William y Rita lo escuchaban todo con la mayor extrañeza. Casi no sabían de qué hablaba Julian. Pero Elizabeth sí lo sabía. Y contemplaba a Julian como aturdida.
¡Muelles bajo los libros! ¡Bolitas en el techo que se licuaban! ¡Polvos para estornudar en la libreta! La niña apenas daba crédito a lo que oía. Miraba a Julian, estupefacta, olvidando sus lágrimas.
Y de repente se echó a reír. No pudo contenerse. Se acordaba de los libros saltando por los aires, de las gotas de agua que le caían en la cabeza y del ataque de estornudos. Ahora todo le parecía muy divertido, aunque le hubiese hecho merecedora de tantos castigos y repulsas.

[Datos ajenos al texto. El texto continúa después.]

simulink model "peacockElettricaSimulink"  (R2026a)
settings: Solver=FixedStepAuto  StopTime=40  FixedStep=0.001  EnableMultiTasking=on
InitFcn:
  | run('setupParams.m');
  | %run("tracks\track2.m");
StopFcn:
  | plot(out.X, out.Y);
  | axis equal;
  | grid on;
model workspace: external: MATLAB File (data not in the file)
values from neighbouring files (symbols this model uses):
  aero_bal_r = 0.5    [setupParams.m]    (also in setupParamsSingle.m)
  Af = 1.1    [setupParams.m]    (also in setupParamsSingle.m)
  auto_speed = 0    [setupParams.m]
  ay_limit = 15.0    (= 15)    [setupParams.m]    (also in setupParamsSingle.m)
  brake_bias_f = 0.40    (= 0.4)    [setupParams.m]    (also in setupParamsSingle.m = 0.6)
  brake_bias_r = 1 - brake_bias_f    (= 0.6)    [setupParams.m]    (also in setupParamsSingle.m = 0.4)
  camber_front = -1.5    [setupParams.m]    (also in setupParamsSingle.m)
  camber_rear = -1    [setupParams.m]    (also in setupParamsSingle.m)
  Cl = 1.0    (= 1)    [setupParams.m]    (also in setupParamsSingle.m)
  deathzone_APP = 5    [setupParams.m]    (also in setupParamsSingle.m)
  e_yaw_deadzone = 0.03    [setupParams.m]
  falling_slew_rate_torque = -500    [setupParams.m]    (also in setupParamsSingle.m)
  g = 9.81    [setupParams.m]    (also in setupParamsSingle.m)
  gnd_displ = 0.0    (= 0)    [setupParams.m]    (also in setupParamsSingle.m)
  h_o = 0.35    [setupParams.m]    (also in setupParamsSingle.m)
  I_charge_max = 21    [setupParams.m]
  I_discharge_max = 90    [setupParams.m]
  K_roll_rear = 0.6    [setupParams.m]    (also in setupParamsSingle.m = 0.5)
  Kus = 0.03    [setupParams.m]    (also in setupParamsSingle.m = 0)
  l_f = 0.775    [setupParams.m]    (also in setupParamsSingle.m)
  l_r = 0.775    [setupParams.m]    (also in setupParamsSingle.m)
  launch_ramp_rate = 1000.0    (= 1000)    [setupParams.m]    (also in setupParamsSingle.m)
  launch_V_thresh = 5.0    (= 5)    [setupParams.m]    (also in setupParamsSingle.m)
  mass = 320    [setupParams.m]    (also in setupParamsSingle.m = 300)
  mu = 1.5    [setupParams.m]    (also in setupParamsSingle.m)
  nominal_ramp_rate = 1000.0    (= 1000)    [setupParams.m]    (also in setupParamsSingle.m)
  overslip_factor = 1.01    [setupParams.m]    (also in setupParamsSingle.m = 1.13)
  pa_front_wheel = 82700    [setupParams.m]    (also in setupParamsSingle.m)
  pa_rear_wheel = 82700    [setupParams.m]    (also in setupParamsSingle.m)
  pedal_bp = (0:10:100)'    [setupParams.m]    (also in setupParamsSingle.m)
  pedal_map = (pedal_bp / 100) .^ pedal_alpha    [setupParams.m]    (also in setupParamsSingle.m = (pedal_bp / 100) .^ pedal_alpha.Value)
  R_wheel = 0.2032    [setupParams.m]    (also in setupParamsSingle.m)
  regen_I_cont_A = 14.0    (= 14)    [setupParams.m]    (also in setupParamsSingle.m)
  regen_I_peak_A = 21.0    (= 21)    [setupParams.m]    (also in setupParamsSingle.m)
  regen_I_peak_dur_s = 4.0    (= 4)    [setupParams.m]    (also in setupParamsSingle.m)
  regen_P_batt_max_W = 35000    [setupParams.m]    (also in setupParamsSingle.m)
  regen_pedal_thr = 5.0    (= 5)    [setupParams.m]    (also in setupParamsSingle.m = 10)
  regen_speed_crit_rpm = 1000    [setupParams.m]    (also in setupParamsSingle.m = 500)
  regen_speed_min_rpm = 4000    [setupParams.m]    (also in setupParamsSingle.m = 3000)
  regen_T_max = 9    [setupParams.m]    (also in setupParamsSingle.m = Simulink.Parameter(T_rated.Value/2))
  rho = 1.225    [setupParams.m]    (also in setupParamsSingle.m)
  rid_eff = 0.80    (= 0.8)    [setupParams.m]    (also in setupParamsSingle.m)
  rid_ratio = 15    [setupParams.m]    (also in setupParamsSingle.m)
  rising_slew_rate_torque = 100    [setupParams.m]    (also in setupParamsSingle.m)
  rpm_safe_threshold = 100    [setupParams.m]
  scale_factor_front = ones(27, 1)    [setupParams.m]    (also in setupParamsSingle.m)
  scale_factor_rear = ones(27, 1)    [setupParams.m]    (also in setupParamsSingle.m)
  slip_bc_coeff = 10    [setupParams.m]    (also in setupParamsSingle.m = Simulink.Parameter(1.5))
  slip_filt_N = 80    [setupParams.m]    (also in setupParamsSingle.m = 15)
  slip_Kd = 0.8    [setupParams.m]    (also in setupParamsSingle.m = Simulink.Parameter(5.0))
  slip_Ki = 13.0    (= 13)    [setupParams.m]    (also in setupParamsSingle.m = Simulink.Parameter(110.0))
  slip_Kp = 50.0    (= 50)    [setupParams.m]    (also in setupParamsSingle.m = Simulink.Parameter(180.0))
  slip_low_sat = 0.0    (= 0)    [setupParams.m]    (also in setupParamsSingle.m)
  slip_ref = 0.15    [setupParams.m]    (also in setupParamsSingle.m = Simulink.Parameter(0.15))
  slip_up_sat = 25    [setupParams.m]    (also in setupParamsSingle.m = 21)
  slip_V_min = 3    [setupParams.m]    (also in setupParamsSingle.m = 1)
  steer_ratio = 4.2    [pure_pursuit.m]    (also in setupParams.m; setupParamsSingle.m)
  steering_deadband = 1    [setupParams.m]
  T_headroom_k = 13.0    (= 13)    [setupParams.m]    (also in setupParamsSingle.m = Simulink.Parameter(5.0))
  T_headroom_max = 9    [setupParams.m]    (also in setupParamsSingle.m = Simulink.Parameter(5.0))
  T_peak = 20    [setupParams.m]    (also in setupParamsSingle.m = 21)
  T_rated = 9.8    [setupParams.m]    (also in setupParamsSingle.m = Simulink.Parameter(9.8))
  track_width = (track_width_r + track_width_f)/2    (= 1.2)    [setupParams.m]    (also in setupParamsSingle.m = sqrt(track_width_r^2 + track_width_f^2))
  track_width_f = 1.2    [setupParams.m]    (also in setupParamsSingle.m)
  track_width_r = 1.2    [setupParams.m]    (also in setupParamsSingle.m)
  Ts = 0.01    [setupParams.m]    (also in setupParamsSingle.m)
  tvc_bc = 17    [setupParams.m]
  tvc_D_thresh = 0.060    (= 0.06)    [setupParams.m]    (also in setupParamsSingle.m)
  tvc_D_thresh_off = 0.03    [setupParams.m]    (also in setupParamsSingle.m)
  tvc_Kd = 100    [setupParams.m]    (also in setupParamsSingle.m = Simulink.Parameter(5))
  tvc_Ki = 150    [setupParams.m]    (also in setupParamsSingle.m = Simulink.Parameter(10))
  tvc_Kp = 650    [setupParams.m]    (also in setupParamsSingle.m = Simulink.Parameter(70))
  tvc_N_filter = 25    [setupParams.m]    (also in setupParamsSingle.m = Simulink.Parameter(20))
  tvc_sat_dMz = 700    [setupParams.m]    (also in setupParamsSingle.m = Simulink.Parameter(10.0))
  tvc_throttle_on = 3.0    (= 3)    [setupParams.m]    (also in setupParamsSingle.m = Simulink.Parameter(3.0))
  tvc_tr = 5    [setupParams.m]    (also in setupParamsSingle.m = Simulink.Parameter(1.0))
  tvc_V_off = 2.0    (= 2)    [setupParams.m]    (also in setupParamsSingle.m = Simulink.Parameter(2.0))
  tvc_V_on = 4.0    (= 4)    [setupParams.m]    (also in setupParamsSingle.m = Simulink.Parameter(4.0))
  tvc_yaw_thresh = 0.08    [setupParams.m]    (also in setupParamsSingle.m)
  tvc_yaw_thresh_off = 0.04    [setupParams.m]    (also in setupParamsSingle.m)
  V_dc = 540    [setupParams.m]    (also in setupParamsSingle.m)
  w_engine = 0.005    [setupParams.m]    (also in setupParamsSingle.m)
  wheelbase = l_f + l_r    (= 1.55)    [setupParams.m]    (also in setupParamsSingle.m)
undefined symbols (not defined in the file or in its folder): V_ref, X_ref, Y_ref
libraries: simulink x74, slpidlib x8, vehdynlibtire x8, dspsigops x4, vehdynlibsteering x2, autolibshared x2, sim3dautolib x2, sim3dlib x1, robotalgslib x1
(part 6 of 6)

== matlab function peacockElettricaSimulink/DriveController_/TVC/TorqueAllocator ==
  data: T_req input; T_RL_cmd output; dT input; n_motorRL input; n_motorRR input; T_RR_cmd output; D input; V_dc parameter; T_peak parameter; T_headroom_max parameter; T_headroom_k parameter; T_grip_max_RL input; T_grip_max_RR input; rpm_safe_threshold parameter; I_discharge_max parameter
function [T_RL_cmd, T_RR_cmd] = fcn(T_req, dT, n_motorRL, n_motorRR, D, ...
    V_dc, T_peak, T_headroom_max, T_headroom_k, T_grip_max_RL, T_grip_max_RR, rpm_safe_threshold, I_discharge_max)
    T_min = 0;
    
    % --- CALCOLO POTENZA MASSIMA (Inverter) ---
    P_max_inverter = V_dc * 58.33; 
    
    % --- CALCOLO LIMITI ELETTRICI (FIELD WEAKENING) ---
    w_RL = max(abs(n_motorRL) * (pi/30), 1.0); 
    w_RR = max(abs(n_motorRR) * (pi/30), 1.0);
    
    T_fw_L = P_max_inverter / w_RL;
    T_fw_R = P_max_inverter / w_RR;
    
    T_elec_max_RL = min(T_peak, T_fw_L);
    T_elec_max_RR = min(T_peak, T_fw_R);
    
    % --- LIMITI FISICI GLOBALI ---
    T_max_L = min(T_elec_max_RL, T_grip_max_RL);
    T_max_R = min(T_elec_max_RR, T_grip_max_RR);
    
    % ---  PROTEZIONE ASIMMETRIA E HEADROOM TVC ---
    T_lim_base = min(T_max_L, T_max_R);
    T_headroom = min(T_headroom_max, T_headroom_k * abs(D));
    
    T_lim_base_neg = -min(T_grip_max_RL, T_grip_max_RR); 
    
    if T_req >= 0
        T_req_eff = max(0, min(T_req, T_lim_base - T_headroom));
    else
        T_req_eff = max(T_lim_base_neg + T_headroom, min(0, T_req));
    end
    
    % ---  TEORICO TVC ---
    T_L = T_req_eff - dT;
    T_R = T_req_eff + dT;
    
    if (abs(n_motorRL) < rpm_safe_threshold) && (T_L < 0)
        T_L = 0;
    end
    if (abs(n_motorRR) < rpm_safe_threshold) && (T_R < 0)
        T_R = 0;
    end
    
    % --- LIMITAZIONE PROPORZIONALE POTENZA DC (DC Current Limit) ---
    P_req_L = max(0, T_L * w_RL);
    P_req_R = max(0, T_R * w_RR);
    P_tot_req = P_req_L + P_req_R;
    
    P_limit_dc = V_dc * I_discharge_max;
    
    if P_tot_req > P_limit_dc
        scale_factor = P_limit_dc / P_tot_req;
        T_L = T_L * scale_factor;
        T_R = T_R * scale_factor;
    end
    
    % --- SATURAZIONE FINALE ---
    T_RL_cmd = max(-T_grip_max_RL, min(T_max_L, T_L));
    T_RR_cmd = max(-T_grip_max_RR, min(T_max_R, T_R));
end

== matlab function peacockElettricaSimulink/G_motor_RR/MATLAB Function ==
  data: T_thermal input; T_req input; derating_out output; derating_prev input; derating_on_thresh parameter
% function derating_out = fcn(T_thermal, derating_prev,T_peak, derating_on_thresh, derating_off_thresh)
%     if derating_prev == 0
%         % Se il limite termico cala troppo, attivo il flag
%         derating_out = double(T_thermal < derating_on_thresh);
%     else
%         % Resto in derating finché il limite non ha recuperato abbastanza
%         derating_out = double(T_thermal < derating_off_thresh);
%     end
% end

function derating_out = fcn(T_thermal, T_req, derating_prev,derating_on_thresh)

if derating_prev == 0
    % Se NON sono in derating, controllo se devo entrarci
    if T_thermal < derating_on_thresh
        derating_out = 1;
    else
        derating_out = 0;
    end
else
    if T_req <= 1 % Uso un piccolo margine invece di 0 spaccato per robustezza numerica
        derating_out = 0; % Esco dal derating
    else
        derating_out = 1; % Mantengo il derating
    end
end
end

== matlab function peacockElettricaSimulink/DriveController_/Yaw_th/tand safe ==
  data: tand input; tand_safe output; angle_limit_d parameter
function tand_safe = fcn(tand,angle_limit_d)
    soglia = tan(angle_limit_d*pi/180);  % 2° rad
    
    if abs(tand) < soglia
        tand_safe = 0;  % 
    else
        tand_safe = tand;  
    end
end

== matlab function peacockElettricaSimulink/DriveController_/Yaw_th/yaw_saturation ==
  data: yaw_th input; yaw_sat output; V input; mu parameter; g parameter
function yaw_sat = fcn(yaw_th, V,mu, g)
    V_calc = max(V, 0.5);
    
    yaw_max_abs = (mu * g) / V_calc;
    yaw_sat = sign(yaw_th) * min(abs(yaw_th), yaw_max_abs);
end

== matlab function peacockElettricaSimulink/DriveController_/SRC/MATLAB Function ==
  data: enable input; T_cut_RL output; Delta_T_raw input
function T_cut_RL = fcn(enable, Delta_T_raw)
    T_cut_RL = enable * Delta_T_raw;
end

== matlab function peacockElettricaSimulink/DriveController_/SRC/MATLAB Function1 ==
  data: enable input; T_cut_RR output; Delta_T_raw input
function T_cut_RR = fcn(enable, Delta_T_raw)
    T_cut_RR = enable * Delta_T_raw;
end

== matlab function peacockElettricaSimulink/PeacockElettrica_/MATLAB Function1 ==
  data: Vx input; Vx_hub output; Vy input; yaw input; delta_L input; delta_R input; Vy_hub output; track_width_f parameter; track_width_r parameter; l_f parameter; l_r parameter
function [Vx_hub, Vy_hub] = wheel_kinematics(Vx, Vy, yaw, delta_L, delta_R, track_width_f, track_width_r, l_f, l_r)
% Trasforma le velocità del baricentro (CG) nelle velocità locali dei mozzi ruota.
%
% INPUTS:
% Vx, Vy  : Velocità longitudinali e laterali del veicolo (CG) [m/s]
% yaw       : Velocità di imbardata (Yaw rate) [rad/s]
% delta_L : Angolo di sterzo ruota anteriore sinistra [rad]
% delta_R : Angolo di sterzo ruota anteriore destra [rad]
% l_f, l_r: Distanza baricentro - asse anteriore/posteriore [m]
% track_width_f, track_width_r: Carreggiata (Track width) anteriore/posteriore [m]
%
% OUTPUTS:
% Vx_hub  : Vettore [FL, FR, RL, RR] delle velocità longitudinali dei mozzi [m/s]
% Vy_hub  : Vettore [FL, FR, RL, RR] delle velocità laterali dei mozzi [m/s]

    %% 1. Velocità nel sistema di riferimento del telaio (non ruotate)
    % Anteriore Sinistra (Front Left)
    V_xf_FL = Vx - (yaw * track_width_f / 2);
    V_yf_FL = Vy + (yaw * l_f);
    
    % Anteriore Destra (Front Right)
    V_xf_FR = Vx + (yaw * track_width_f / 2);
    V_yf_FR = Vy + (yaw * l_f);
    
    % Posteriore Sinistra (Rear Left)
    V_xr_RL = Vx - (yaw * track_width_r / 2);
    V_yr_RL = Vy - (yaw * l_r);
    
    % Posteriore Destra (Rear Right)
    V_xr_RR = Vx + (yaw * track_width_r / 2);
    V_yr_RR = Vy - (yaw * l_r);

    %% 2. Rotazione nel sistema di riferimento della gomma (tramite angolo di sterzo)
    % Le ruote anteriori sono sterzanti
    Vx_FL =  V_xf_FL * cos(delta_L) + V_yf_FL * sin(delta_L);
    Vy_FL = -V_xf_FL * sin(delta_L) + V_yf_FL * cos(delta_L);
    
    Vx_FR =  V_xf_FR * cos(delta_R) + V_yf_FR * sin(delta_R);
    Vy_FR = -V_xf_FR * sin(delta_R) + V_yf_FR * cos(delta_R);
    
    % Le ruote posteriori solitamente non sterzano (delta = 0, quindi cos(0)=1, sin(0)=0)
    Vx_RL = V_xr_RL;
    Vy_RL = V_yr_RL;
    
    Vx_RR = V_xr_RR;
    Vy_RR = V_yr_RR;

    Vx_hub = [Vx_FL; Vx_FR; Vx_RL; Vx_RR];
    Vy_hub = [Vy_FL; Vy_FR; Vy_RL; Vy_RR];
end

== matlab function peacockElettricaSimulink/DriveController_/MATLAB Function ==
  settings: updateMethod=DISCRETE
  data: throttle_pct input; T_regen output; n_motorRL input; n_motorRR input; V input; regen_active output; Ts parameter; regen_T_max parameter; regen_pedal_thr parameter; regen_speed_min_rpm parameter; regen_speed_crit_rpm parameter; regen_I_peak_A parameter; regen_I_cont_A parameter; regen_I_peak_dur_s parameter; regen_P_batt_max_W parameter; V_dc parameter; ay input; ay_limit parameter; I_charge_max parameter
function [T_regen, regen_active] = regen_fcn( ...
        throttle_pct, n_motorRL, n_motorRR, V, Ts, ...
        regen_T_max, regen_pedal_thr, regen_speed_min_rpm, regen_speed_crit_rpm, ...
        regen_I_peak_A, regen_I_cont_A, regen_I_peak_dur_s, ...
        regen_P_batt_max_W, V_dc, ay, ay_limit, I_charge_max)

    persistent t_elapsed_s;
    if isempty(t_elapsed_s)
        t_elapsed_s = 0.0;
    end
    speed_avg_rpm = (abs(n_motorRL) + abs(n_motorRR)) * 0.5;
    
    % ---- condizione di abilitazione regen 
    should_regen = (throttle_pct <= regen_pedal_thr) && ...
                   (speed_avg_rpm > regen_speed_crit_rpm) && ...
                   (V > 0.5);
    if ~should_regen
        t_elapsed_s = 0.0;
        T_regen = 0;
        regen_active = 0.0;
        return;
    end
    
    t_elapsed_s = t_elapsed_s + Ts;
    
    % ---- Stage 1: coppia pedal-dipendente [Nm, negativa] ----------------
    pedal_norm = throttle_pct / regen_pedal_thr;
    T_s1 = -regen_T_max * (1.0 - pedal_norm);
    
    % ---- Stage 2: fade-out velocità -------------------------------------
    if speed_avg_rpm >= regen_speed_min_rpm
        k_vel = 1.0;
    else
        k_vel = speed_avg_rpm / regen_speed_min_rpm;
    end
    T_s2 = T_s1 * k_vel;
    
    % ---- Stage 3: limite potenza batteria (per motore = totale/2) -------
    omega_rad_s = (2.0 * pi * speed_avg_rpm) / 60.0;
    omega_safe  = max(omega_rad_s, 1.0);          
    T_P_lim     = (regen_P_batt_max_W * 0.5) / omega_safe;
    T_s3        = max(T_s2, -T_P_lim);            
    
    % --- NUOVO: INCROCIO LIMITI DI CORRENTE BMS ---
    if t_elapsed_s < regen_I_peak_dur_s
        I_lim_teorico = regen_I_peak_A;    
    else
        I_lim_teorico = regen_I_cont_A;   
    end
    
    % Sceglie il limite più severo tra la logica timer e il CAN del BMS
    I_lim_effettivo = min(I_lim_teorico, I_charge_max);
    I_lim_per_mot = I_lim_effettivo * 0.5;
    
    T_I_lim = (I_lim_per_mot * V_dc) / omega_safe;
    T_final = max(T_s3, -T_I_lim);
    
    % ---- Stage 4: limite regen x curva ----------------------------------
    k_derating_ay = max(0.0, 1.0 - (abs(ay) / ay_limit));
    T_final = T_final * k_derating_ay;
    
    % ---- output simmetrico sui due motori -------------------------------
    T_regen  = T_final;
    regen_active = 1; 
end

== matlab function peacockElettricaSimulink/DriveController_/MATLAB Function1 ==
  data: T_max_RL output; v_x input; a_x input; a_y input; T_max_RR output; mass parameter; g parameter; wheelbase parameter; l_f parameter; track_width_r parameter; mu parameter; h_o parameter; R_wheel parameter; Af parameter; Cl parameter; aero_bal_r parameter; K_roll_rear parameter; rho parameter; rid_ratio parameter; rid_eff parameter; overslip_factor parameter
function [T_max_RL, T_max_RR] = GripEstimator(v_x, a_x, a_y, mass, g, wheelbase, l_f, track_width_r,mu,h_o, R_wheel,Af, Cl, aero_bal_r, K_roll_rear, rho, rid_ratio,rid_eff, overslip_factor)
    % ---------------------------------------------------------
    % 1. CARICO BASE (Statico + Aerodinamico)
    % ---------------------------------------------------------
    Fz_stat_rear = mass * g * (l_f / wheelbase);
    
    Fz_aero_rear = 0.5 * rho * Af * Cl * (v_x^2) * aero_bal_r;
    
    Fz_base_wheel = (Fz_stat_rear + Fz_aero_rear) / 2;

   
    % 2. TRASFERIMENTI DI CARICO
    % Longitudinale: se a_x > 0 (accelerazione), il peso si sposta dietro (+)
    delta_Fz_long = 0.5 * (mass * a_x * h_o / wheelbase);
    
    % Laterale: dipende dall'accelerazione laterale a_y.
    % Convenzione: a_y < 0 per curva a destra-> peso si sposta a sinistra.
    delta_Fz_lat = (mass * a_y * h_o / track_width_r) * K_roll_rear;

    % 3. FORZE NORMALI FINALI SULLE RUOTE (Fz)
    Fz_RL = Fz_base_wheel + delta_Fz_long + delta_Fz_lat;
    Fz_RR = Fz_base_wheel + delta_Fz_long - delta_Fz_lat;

¡Cómo se reía! Echó atrás la cabeza y estalló en una carcajada. William, Rita y Julian se quedaron estupefactos. Miraron fijamente a la muchacha y acabaron por soltar también la gran carcajada. Elizabeth poseía una risa contagiosa que siempre hacía reír a todo el mundo.
Al final, Elizabeth se enjugó los ojos y se serenó.
—Oh, querido Julian. No sé por qué me río de este modo cuando soy tan desgraciada. Pero no he podido contenerme. Todo resulta tan gracioso considerándolo bien y recordando lo sucedido. ¡Y lo intrigada que estaba!
De pronto, Julian cogió una mano de Elizabeth.
—Eres buena encajadora. Ni por un momento pensé que te echarías a reír cuando te contase lo que había hecho. Creí que te pondrías a llorar, a gritarme o a pegarme, pero nunca que reirías. Sí, eres muy deportiva, Elizabeth, y de nuevo te aprecio.
—¡Oh! —exclamó Elizabeth, entusiasmada—. ¡Oh, Julian, qué bueno eres! ¡Qué agradable es saber que vuelves a apreciarme sólo porque me he reído!
—No es tan gracioso —intervino William—. La gente que sabe reírse de esta manera de las bromas que le gastan en su perjuicio son, como bien ha dicho Julian, muy deportivas y buenas. Sí, Elizabeth, vive deportivamente. Esta carcajada tuya ha despejado el ambiente, y ahora podremos entendernos unos a otros mucho mejor.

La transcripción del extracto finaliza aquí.